> TRY IT
Your copy should match the entries exactly, with the pictures left out.

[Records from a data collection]
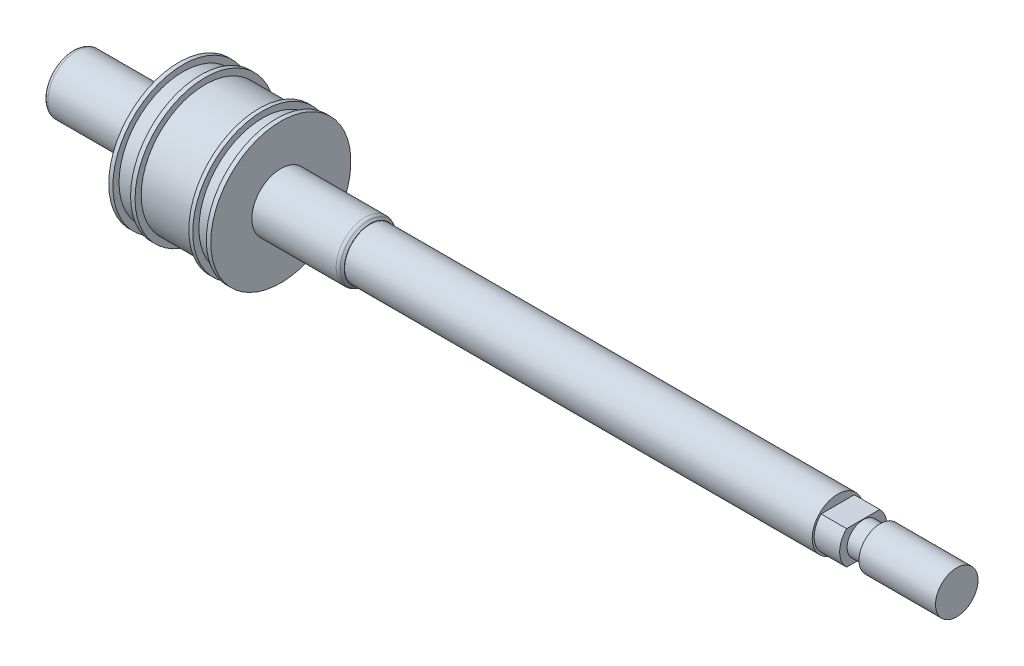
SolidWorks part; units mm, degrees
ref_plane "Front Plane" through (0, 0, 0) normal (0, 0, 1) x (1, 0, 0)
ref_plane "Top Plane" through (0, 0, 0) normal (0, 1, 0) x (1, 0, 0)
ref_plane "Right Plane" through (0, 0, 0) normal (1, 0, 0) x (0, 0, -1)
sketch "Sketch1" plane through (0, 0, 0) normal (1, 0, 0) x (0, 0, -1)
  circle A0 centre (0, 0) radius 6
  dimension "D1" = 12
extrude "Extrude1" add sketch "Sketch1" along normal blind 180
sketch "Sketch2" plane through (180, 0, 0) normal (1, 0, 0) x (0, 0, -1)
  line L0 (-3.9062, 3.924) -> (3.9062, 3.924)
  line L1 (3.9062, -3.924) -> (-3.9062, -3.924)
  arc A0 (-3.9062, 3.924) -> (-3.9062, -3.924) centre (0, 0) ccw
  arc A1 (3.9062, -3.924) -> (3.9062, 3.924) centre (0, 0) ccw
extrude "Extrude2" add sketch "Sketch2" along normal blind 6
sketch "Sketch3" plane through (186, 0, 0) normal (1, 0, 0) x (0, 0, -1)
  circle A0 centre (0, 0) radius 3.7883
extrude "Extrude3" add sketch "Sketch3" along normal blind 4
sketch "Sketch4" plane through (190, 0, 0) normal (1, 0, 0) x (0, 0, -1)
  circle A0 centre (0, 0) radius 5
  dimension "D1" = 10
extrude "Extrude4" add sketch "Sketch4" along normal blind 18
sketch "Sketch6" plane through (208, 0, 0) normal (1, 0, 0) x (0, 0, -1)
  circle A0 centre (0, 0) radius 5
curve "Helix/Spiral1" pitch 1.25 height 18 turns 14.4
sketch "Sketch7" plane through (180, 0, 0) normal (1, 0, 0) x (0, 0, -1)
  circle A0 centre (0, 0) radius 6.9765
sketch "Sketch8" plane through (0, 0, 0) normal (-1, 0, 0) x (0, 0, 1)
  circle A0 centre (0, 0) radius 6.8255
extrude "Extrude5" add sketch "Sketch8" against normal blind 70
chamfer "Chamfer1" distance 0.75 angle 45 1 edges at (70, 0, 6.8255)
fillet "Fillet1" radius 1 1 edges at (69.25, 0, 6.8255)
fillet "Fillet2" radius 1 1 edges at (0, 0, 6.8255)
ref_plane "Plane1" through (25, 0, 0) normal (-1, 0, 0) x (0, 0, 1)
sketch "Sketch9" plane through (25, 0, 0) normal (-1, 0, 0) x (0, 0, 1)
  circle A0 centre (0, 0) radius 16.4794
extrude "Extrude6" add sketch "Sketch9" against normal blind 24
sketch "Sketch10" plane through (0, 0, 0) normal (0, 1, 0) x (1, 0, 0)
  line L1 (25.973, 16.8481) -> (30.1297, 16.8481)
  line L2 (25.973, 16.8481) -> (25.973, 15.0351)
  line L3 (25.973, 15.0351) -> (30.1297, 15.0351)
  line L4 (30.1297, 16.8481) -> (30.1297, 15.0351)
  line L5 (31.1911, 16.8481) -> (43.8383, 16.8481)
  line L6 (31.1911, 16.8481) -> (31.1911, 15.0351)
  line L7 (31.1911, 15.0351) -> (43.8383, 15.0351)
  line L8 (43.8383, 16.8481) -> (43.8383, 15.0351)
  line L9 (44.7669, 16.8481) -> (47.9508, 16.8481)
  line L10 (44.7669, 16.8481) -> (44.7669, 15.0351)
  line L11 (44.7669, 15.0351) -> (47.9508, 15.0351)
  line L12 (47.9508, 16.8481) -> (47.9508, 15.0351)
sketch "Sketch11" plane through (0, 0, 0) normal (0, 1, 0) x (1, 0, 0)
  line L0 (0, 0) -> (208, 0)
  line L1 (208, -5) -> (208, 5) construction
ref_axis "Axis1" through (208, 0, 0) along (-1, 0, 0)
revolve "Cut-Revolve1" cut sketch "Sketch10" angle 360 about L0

> TASK RESULT
SolidWorks part; units mm, degrees
ref_plane "Front Plane" through (0, 0, 0) normal (0, 0, 1) x (1, 0, 0)
ref_plane "Top Plane" through (0, 0, 0) normal (0, 1, 0) x (1, 0, 0)
ref_plane "Right Plane" through (0, 0, 0) normal (1, 0, 0) x (0, 0, -1)
sketch "Sketch1" plane through (0, 0, 0) normal (1, 0, 0) x (0, 0, -1)
  circle A0 centre (0, 0) radius 6
  dimension "D1" = 12
extrude "Extrude1" add sketch "Sketch1" along normal blind 180
sketch "Sketch2" plane through (180, 0, 0) normal (1, 0, 0) x (0, 0, -1)
  line L0 (-3.9062, 3.924) -> (3.9062, 3.924)
  line L1 (3.9062, -3.924) -> (-3.9062, -3.924)
  arc A0 (-3.9062, 3.924) -> (-3.9062, -3.924) centre (0, 0) ccw
  arc A1 (3.9062, -3.924) -> (3.9062, 3.924) centre (0, 0) ccw
extrude "Extrude2" add sketch "Sketch2" along normal blind 6
sketch "Sketch3" plane through (186, 0, 0) normal (1, 0, 0) x (0, 0, -1)
  circle A0 centre (0, 0) radius 3.7883
extrude "Extrude3" add sketch "Sketch3" along normal blind 4
sketch "Sketch4" plane through (190, 0, 0) normal (1, 0, 0) x (0, 0, -1)
  circle A0 centre (0, 0) radius 5
  dimension "D1" = 10
extrude "Extrude4" add sketch "Sketch4" along normal blind 18
sketch "Sketch6" plane through (208, 0, 0) normal (1, 0, 0) x (0, 0, -1)
  circle A0 centre (0, 0) radius 5
curve "Helix/Spiral1" pitch 1.25 height 18 turns 14.4
sketch "Sketch7" plane through (180, 0, 0) normal (1, 0, 0) x (0, 0, -1)
  circle A0 centre (0, 0) radius 6.9765
sketch "Sketch8" plane through (0, 0, 0) normal (-1, 0, 0) x (0, 0, 1)
  circle A0 centre (0, 0) radius 6.8255
extrude "Extrude5" add sketch "Sketch8" against normal blind 70
chamfer "Chamfer1" distance 0.75 angle 45 1 edges at (70, 0, 6.8255)
fillet "Fillet1" radius 1 1 edges at (69.25, 0, 6.8255)
fillet "Fillet2" radius 1 1 edges at (0, 0, 6.8255)
ref_plane "Plane1" through (25, 0, 0) normal (-1, 0, 0) x (0, 0, 1)
sketch "Sketch9" plane through (25, 0, 0) normal (-1, 0, 0) x (0, 0, 1)
  circle A0 centre (0, 0) radius 16.4794
extrude "Extrude6" add sketch "Sketch9" against normal blind 24
sketch "Sketch10" plane through (0, 0, 0) normal (0, 1, 0) x (1, 0, 0)
  line L1 (25.973, 16.8481) -> (30.1297, 16.8481)
  line L2 (25.973, 16.8481) -> (25.973, 15.0351)
  line L3 (25.973, 15.0351) -> (30.1297, 15.0351)
  line L4 (30.1297, 16.8481) -> (30.1297, 15.0351)
  line L5 (31.1911, 16.8481) -> (43.8383, 16.8481)
  line L6 (31.1911, 16.8481) -> (31.1911, 15.0351)
  line L7 (31.1911, 15.0351) -> (43.8383, 15.0351)
  line L8 (43.8383, 16.8481) -> (43.8383, 15.0351)
  line L9 (44.7669, 16.8481) -> (47.9508, 16.8481)
  line L10 (44.7669, 16.8481) -> (44.7669, 15.0351)
  line L11 (44.7669, 15.0351) -> (47.9508, 15.0351)
  line L12 (47.9508, 16.8481) -> (47.9508, 15.0351)
sketch "Sketch11" plane through (0, 0, 0) normal (0, 1, 0) x (1, 0, 0)
  line L0 (0, 0) -> (208, 0)
  line L1 (208, -5) -> (208, 5) construction
ref_axis "Axis1" through (208, 0, 0) along (-1, 0, 0)
revolve "Cut-Revolve1" cut sketch "Sketch10" angle 360 about L0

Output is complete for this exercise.